Menurut mahkamah, dengan adanya syarat persetujuan tertulis dari Presiden untuk melakukan penyelidikan dan penyidikan, akan menghambat percepatan proses peradilan dan secara tidak langsung mengintervensi sistem penegakan keadilan.
“Persyaratan persetujuan tertulis dari Presiden bagi penyelidikan dan penyidikan kepala daerah dan/atau wakil kepala daerah juga menghambat proses hukum, yang seharusnya sesuai asas yaitu bersifat cepat, sederhana, dan berbiaya ringan,” kata Hakim Konstitusi Akil Mochtar, saat membacakan pertimbangannya.
Akil mengatakan bahwa proses penyelidikan dan penyidikan terhadap kepala daerah dan/atau wakil kepala daerah yang diduga melakukan tindak pidana, meskipun mungkin mengganggu kinerja kepala daerah dalam menjalankan pemerintahan daerah, namun tidak menghalangi yang bersangkutan untuk menjalankankan tugasnya.
“Kepala daerah dan/atau wakil kepala daerah yang diselidiki dan disidik masih dapat melaksanakan tugas sehari-hari seperti biasa,” kata Akil.
Dalam pengujian UU Pemda ini, MK juga memutuskan Pasal 36 ayat (3) dan ayat (4) UU Pemda konstitusional bersyarat.

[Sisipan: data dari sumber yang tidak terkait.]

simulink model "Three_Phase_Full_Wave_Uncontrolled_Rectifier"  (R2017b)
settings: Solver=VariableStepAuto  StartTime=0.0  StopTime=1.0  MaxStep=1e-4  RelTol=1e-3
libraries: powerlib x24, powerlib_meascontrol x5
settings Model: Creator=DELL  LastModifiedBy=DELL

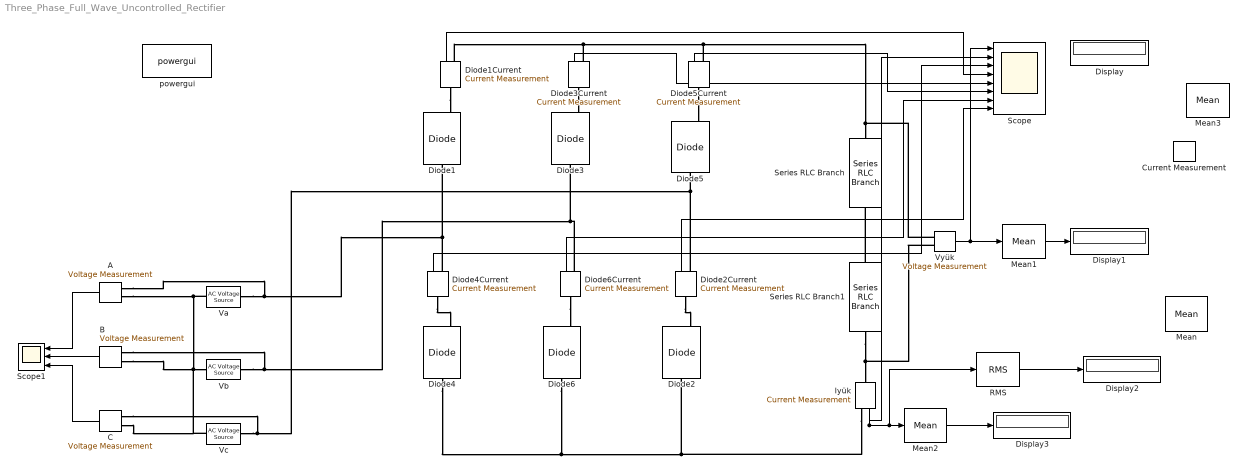
== system Three_Phase_Full_Wave_Uncontrolled_Rectifier ==
  A : powerlib/Measurements/Voltage Measurement  PhasorSimulation=off  OutputType=Complex  PSBequivalent=0
  B : powerlib/Measurements/Voltage Measurement  PhasorSimulation=off  OutputType=Complex  PSBequivalent=0
  C : powerlib/Measurements/Voltage Measurement  PhasorSimulation=off  OutputType=Complex  PSBequivalent=0
  Current Measurement : powerlib/Measurements/Current Measurement  PhasorSimulation=off  OutputType=Complex  PSBequivalent=0
  Diode{1..6} (6 alike) : powerlib/Power Electronics/Diode  Ron=0.001  Lon=0  Vf=0.8  IC=0  UseSnubber=0  Rs=500  Cs=250e-9  Measurements=on
  Diode1Current : powerlib/Measurements/Current Measurement  PhasorSimulation=off  OutputType=Complex  PSBequivalent=0
  Diode2Current : powerlib/Measurements/Current Measurement  PhasorSimulation=off  OutputType=Complex  PSBequivalent=0
  Diode3Current : powerlib/Measurements/Current Measurement  PhasorSimulation=off  OutputType=Complex  PSBequivalent=0
  Diode4Current : powerlib/Measurements/Current Measurement  PhasorSimulation=off  OutputType=Complex  PSBequivalent=0
  Diode5Current : powerlib/Measurements/Current Measurement  PhasorSimulation=off  OutputType=Complex  PSBequivalent=0
  Diode6Current : powerlib/Measurements/Current Measurement  PhasorSimulation=off  OutputType=Complex  PSBequivalent=0
  Display{,1..3} (4 alike) : Display
  Iyük : powerlib/Measurements/Current Measurement  PhasorSimulation=off  OutputType=Complex  PSBequivalent=0
  Mean : powerlib_meascontrol/Measurements/Mean  Freq=60  Vinit=0  Ts=0
  Mean1 : powerlib_meascontrol/Measurements/Mean  Freq=50  Vinit=0  Ts=0
  Mean2 : powerlib_meascontrol/Measurements/Mean  Freq=50  Vinit=0  Ts=0
  Mean3 : powerlib_meascontrol/Measurements/Mean  Freq=60  Vinit=0  Ts=0
  RMS : powerlib_meascontrol/Measurements/RMS  TrueRMS=on  Freq=50  RMSInit=120  Ts=0
  Scope : Scope  NumInputPorts=8
  Scope1 : Scope  NumInputPorts=3
  Series RLC Branch : powerlib/Elements/Series RLC Branch  LConnTagsString=__new0  RConnTagsString=__new0  BranchType=L  Resistance=1  Inductance=20e-3  SetiL0=off  InitialCurrent=0  Capacitance=1e-6  Setx0=off  InitialVoltage=0  Measurements=None
  Series RLC Branch1 : powerlib/Elements/Series RLC Branch  LConnTagsString=__new0  RConnTagsString=__new0  BranchType=R  Resistance=10  Inductance=1e-3  SetiL0=off  InitialCurrent=0  Capacitance=1e-6  Setx0=off  InitialVoltage=0  Measurements=None
  Va : powerlib/Electrical Sources/AC Voltage Source  Amplitude=220*(2^0.5)  Phase=0  Frequency=50  SampleTime=0  Measurements=None  BusType=swing  Pref=10e3  Qref=0  Qmin=-inf  Qmax=+inf
  Vb : powerlib/Electrical Sources/AC Voltage Source  Amplitude=220*(2^0.5)  Phase=-120  Frequency=50  SampleTime=0  Measurements=None  BusType=swing  Pref=10e3  Qref=0  Qmin=-inf  Qmax=+inf
  Vc : powerlib/Electrical Sources/AC Voltage Source  Amplitude=220*(2^0.5)  Phase=120  Frequency=50  SampleTime=0  Measurements=None  BusType=swing  Pref=10e3  Qref=0  Qmin=-inf  Qmax=+inf
  Vyük : powerlib/Measurements/Voltage Measurement  PhasorSimulation=off  OutputType=Complex  PSBequivalent=0
  powergui : powerlib/powergui  Priority=1  SimulationMode=Continuous  SampleTime=50e-6  frequency=60  Iterations=50  frequencyindice=50  Pbase=100e6  ErrMax=1e-4  UnitsV=kV  UnitsW=MW  buscounter=0  FunctionMessages=off  echomessages=off  EnableUseOfTLC=off  CurrentSourceSwitches=off  DisableSnubberDevices=off  DisableRonSwitches=off  DisableVfSwitches=off  DisplayEquations=off  SolverType=Tustin/Backward Euler (TBE)  Interpol=off  ExternalGateDelay=off  methode=off  Ts=100  x0status=blocks  SPID=on  SwTol=0  HookPort=off  RestoreLinks=warning  ResistiveCurrentMeasurement=off  Frange=[0:2:500]  Ylog=off  Xlog=on  ShowGrid=off  save=off  variable=ZData  structure=0  ZoomFFT=off  StartTime=0.0  cycles=1  DisplayStyle=1  fundamental=60  FreqAxis=off  MaxFrequency=1000  frequencyindicesteady=1  RmsSteady=1  display=off
  wires:
  A/1 -> Scope1/1
  B/1 -> Scope1/2
  C/1 -> Scope1/3
  Iyük/1 -> RMS/1, Mean2/1, Scope/2
  Vyük/1 -> Scope/1, Mean1/1
  Mean2/1 -> Display3/1
  RMS/1 -> Display2/1
  Mean1/1 -> Display1/1
  Diode5Current/1 -> Scope/6
  Diode4Current/1 -> Scope/3
  Diode1Current/1 -> Scope/4
  Diode3Current/1 -> Scope/5
  Diode6Current/1 -> Scope/7
  Diode2Current/1 -> Scope/8
  connections:
  Va/RConn1 -- A/LConn1 -- Diode4Current/RConn1 -- Diode1/LConn1
  Diode3Current/RConn1 -- Diode5Current/RConn1 -- Vyük/LConn1 -- Series RLC Branch/RConn1 -- Diode1Current/RConn1
  Series RLC Branch1/RConn1 -- Series RLC Branch/LConn1
  Diode6/LConn1 -- Iyük/RConn1 -- Diode2/LConn1 -- Diode4/LConn1
  Vb/RConn1 -- B/LConn1 -- Diode3/LConn1 -- Diode6Current/RConn1
  Vc/RConn1 -- C/LConn1 -- Diode5/LConn1 -- Diode2Current/RConn1
  Va/LConn1 -- Vc/LConn1 -- C/LConn2 -- B/LConn2 -- Vb/LConn1 -- A/LConn2
  Diode3Current/LConn1 -- Diode3/RConn1
  Diode1Current/LConn1 -- Diode1/RConn1
  Diode5Current/LConn1 -- Diode5/RConn1
  Series RLC Branch1/LConn1 -- Vyük/LConn2 -- Iyük/LConn1
  Diode4Current/LConn1 -- Diode4/RConn1
  Diode2Current/LConn1 -- Diode2/RConn1
  Diode6Current/LConn1 -- Diode6/RConn1
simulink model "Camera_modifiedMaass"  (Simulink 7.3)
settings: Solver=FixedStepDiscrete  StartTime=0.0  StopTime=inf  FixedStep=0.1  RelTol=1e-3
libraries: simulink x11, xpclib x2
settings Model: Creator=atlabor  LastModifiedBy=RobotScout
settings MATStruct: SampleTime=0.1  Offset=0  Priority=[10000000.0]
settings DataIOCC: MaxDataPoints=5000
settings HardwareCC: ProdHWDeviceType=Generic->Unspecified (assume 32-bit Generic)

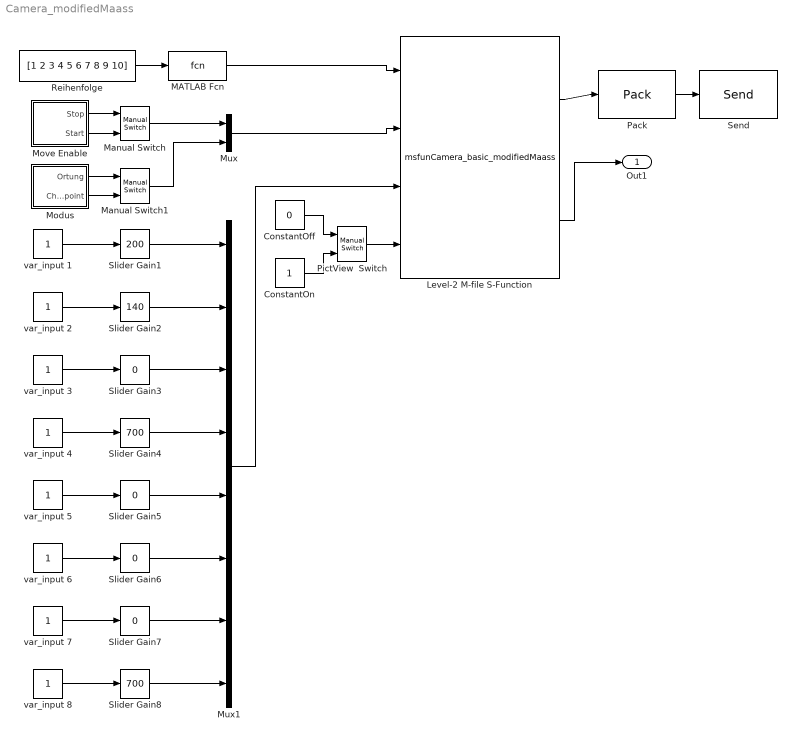
== system Camera_modifiedMaass ==
  ConstantOff : Constant  Value=0  OutDataType=fixdt(1, 16)  OutScaling=2^0
  ConstantOn : Constant  OutDataType=fixdt(1, 16)  OutScaling=2^0
  Level-2 M-file S-Function : M-S-Function  FunctionName=msfunCamera_basic_modifiedMaass
  MATLAB Fcn : MATLABFcn  MATLABFcn=fcn  OutputDimensions=10
  Manual Switch : simulink/Signal Routing/Manual Switch  SystemSampleTime=-1  sw=1  action=0  varsize=off
  Manual Switch1 : simulink/Signal Routing/Manual Switch  SystemSampleTime=-1  sw=1  action=0  varsize=off
  Modus : Subsystem
  Move Enable : Subsystem
  Mux : Mux  Inputs=2
  Mux1 : Mux  Inputs=8
  Pack : xpclib/UDP/Pack  datatypes={'double'}  byteAlign=1
  PictView  Switch : simulink/Signal Routing/Manual Switch  SystemSampleTime=-1  sw=0  action=0  varsize=off
  Reihenfolge : Constant  Value=[1 2 3 4 5 6 7 8 9 10]  VectorParams1D=off  OutDataType=fixdt(1, 16)  OutScaling=2^0
  Send : xpclib/UDP/Send  ipAddress=255.255.255.255  ipPort=25000  localPort=-1  sampletime=-1
  Slider Gain1 : simulink/Math Operations/Slider Gain  SystemSampleTime=-1  low=0  gain=200  high=500
  Slider Gain2 : simulink/Math Operations/Slider Gain  SystemSampleTime=-1  low=-200  gain=140  high=200
  Slider Gain{3,5..7} (4 alike) : simulink/Math Operations/Slider Gain  SystemSampleTime=-1  low=0  gain=0  high=800
  Slider Gain4 : simulink/Math Operations/Slider Gain  SystemSampleTime=-1  low=500  gain=700  high=1000
  Slider Gain8 : simulink/Math Operations/Slider Gain  SystemSampleTime=-1  low=500  gain=700  high=900
  var_input {1..8} (8 alike) : Constant  OutDataType=fixdt(1, 16)  OutScaling=2^0
  Out1 : Outport  OutDataType=fixdt(1, 16)  OutScaling=2^0
  wires:
  Level-2 M-file S-Function/1 -> Pack/1
  Pack/1 -> Send/1
  Move Enable/1(Stop) -> Manual Switch/1
  Move Enable/2(Start) -> Manual Switch/2
  Modus/1(Ortung) -> Manual Switch1/1
  Modus/2(Checkpoint) -> Manual Switch1/2
  Manual Switch/1 -> Mux/1
  Manual Switch1/1 -> Mux/2
  var_input 1/1 -> Slider Gain1/1
  Slider Gain1/1 -> Mux1/1
  var_input 2/1 -> Slider Gain2/1
  var_input 3/1 -> Slider Gain3/1
  var_input 4/1 -> Slider Gain4/1
  var_input 5/1 -> Slider Gain5/1
  var_input 6/1 -> Slider Gain6/1
  var_input 7/1 -> Slider Gain7/1
  var_input 8/1 -> Slider Gain8/1
  Slider Gain8/1 -> Mux1/8
  Slider Gain2/1 -> Mux1/2
  Slider Gain3/1 -> Mux1/3
  Slider Gain4/1 -> Mux1/4
  Slider Gain5/1 -> Mux1/5
  Slider Gain6/1 -> Mux1/6
  Slider Gain7/1 -> Mux1/7
  Mux/1 -> Level-2 M-file S-Function/2
  Mux1/1 -> Level-2 M-file S-Function/3
  Level-2 M-file S-Function/2 -> Out1/1
  MATLAB Fcn/1 -> Level-2 M-file S-Function/1
  Reihenfolge/1 -> MATLAB Fcn/1
  PictView  Switch/1 -> Level-2 M-file S-Function/4
  ConstantOn/1 -> PictView  Switch/2
  ConstantOff/1 -> PictView  Switch/1

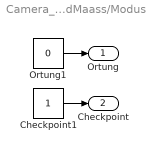
== system Camera_modifiedMaass/Modus ==
  Checkpoint1 : Constant  OutDataType=fixdt(1, 16)  OutScaling=2^0
  Ortung1 : Constant  Value=0  OutDataType=fixdt(1, 16)  OutScaling=2^0
  Ortung : Outport
  Checkpoint : Outport  Port=2
  wires:
  Ortung1/1 -> Ortung/1
  Checkpoint1/1 -> Checkpoint/1

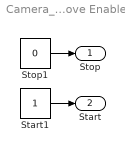
== system Camera_modifiedMaass/Move Enable ==
  Start1 : Constant  OutDataType=fixdt(1, 16)  OutScaling=2^0
  Stop1 : Constant  Value=0  OutDataType=fixdt(1, 16)  OutScaling=2^0
  Stop : Outport
  Start : Outport  Port=2
  wires:
  Stop1/1 -> Stop/1
  Start1/1 -> Start/1

MK menyatakan Pasal 36 ayat (3) UU Pemda bertentangan dengan UUD 1945 dan tidak memiliki hukum mengikat sepanjang tidak dimaknai “tindakan penyidikan yang dilanjutkan dengan penahanan terhadap kepala daerah dan/atau wakil kepala daerah memerlukan persetujuan tertulis dari Presiden dan apabila persetujuan tertulis dimaksud tidak diberikan oleh Presiden dalam waktu paling lambat 30 hari terhitung sejak diterimanya surat permohonan maka proses penyidikan yang dilanjutkan denganpenahanan dapat langsung dilakukan”.
Sedangkan Pasal 36 ayat (4) UU Pemda bertentangan dengan UUD 1945 dan tidak memiliki hukum mengikat sepanjang tidak dimaknai “hal-hal yang dikecualikan dari ketentuan tersebut pada ayat (3) adalah: a. tertangkap tangan melakukan tindak pidana kejahatan; atau b. disangka telah melakukan tindak pidana kejahatan yang diancam dengan pidana mati, atau telah melakukan tindak pidana kejahatan terhadap keamanan negara”.
“Memerintahkan pemuatan putusan ini dalam Berita Negara Republik Indonesia sebagaimana mestinya,” kata Mahfud.
Pengujian UU Pemda ini dimohonkan sejumlah aktivis anti korupsi yaitu Indonesia Corruption Watch (ICW), Feri Amsari (Dosen FH Andalas), Teten Masduki (Sekjen TII), dan Zainal Arifin Mochtar (Direktur Pukat UGM).